Porte Super Baby taxi-ing on the water.

This time Gordon taxied right up on top of the float. Two of the crew stood on the fins, one on each side of the bow, the waves washing up to their waists. But Morris and his wireless observer were seized, pulled up on the drift wires which ran from the nose of the boat back to the wings, and were drawn on board through the front cockpit in an utterly exhausted condition.

Gordon then attempted to take off. His 700-horse power thrust the boat across the waves, hammering and pounding, but with the extra weight on board the boat was too heavy. He tried again. This time the waves smashed the tail-plane and tore off the wing-tip float on the starboard side. Also, owing to the pounding, the hull of the boat was leaking badly. The idea of flying back was abandoned.

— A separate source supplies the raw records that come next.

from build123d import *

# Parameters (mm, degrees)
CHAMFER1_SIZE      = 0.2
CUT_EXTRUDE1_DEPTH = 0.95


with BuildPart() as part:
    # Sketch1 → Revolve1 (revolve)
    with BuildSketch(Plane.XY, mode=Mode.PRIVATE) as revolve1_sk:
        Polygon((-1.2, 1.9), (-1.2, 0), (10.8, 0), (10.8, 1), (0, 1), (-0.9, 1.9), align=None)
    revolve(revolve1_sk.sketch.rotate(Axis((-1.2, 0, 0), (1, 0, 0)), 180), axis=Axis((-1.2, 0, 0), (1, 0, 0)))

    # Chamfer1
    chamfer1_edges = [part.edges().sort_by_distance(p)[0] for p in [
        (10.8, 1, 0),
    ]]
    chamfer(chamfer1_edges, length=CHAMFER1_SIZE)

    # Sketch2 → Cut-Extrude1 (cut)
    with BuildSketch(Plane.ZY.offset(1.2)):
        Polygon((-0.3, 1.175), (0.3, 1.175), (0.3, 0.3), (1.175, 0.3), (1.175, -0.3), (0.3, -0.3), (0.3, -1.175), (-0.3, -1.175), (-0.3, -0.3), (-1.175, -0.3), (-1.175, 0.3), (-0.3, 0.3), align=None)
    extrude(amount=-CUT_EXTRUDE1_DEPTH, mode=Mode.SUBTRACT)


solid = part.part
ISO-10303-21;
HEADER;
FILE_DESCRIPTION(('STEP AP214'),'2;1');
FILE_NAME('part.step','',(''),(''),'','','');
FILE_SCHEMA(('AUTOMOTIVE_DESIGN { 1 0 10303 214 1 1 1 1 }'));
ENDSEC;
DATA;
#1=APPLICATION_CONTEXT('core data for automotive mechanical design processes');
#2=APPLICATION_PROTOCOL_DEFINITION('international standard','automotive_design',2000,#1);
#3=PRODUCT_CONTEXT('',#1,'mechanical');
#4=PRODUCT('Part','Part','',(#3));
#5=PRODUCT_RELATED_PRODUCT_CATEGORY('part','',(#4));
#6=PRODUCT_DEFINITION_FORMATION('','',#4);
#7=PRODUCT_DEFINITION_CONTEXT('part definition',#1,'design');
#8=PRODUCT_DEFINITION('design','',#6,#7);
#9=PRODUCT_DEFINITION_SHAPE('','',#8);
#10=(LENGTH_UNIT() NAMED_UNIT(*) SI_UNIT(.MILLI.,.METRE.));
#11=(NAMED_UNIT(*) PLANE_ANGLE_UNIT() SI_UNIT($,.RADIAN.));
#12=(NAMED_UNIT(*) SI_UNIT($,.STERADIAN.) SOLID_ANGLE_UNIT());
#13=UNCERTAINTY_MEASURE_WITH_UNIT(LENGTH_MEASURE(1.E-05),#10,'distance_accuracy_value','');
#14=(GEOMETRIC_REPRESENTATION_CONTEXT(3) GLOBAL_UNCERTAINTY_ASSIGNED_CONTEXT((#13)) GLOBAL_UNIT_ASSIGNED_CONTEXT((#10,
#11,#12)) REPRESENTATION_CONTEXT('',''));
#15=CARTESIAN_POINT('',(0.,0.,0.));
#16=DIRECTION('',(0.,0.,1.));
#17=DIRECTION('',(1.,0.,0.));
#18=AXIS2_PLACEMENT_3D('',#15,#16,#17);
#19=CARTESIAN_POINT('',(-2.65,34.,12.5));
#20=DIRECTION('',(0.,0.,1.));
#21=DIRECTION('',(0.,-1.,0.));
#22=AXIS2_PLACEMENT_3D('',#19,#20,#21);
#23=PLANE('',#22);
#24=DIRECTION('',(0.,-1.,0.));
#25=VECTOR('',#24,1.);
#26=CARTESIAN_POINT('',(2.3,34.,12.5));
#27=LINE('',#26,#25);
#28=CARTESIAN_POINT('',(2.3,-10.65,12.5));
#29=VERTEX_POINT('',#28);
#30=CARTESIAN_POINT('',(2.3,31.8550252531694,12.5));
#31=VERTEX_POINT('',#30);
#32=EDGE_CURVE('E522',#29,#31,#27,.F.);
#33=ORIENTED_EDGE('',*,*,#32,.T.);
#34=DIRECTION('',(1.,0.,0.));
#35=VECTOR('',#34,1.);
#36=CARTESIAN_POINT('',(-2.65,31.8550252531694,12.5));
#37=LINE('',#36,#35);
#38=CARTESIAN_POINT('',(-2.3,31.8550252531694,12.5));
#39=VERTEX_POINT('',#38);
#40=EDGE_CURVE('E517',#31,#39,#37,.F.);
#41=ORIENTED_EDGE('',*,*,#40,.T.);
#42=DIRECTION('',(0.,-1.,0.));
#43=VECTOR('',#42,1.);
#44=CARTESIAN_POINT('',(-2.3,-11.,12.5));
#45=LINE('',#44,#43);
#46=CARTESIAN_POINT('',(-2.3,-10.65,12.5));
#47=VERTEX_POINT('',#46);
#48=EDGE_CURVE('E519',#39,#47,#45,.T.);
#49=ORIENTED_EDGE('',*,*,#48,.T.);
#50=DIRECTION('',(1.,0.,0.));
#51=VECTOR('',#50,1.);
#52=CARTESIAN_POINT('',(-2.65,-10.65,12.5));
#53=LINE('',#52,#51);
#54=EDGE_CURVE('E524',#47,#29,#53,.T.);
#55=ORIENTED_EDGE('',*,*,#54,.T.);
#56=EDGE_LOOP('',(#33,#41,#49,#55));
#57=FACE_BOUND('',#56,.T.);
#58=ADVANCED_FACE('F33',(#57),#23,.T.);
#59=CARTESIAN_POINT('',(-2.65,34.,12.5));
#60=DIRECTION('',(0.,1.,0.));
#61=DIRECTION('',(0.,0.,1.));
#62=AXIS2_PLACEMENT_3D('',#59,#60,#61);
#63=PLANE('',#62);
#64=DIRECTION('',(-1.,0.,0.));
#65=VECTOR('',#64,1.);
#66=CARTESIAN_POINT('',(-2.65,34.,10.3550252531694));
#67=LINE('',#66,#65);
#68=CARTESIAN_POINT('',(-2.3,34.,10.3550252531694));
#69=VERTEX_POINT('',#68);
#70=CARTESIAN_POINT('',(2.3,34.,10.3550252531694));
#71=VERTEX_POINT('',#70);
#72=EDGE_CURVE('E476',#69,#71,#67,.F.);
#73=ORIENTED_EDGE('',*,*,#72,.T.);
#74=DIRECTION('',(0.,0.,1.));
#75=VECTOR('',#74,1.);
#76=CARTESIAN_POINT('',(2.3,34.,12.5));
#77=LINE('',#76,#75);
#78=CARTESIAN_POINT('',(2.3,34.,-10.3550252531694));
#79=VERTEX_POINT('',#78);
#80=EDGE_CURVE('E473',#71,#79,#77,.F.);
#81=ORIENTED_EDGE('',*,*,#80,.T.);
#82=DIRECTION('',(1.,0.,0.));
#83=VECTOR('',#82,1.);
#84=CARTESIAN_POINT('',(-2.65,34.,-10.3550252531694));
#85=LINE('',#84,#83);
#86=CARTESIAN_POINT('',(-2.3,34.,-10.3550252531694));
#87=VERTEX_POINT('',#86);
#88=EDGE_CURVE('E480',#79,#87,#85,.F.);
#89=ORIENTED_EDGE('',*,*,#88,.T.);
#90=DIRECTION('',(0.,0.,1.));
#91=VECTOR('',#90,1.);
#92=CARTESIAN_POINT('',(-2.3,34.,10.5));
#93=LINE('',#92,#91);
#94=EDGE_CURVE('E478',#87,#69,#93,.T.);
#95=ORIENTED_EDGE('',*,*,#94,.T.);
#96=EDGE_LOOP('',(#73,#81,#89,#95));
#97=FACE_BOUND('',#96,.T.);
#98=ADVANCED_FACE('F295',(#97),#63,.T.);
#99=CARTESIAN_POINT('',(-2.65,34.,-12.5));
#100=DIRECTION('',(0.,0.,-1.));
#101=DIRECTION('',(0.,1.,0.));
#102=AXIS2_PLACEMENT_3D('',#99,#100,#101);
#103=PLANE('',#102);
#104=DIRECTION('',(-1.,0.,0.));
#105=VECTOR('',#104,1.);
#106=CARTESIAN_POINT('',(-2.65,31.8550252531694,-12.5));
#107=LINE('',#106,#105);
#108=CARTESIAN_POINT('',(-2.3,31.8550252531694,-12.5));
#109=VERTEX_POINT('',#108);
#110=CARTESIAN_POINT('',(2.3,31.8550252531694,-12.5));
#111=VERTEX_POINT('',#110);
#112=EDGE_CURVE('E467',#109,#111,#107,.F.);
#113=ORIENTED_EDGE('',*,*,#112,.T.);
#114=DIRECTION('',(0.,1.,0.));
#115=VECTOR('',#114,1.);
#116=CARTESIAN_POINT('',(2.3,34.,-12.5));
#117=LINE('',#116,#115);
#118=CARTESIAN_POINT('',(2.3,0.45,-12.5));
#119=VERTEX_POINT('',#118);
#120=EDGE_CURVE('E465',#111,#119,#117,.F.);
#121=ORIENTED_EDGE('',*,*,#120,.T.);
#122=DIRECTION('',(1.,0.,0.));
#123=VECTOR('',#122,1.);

The wind was blowing from England. The shore was forty miles away. The fog was thick. Two things could be done. Turn down-wind and run for Holland, making sure of a comparatively easy passage, or fighting home against the sea and wind to England—a hard and difficult task.

Gordon shoved the nose of the boat into the sea and wind and began to taxi in on the water. The seas swept over the bow. The water seeped in through the leaks. The bilge pump, kept going constantly, one man's job, could not keep the rising water under. As the wind-driven petrol pumps would only work when the machine was in the air, one man had to keep the petrol hand-pump going to feed the engines.

Seas bursting over the lower planes were whirled up into the propellers and thrown back over the engines. They were white with the salt; but they kept running.

The tail was nearly full of water from a big leak, but a bulkhead held it out of the main body of the boat, although she was getting heavier and heavier, and was crashing through the seas instead of riding over the top of them. The sledge-hammer blows shook the whole structure.

Without its float the starboard wing-tip buried itself deep in the water each time the boat rolled, pulling itself out again with a shuddering wrench, which each time threatened to pull off the wing.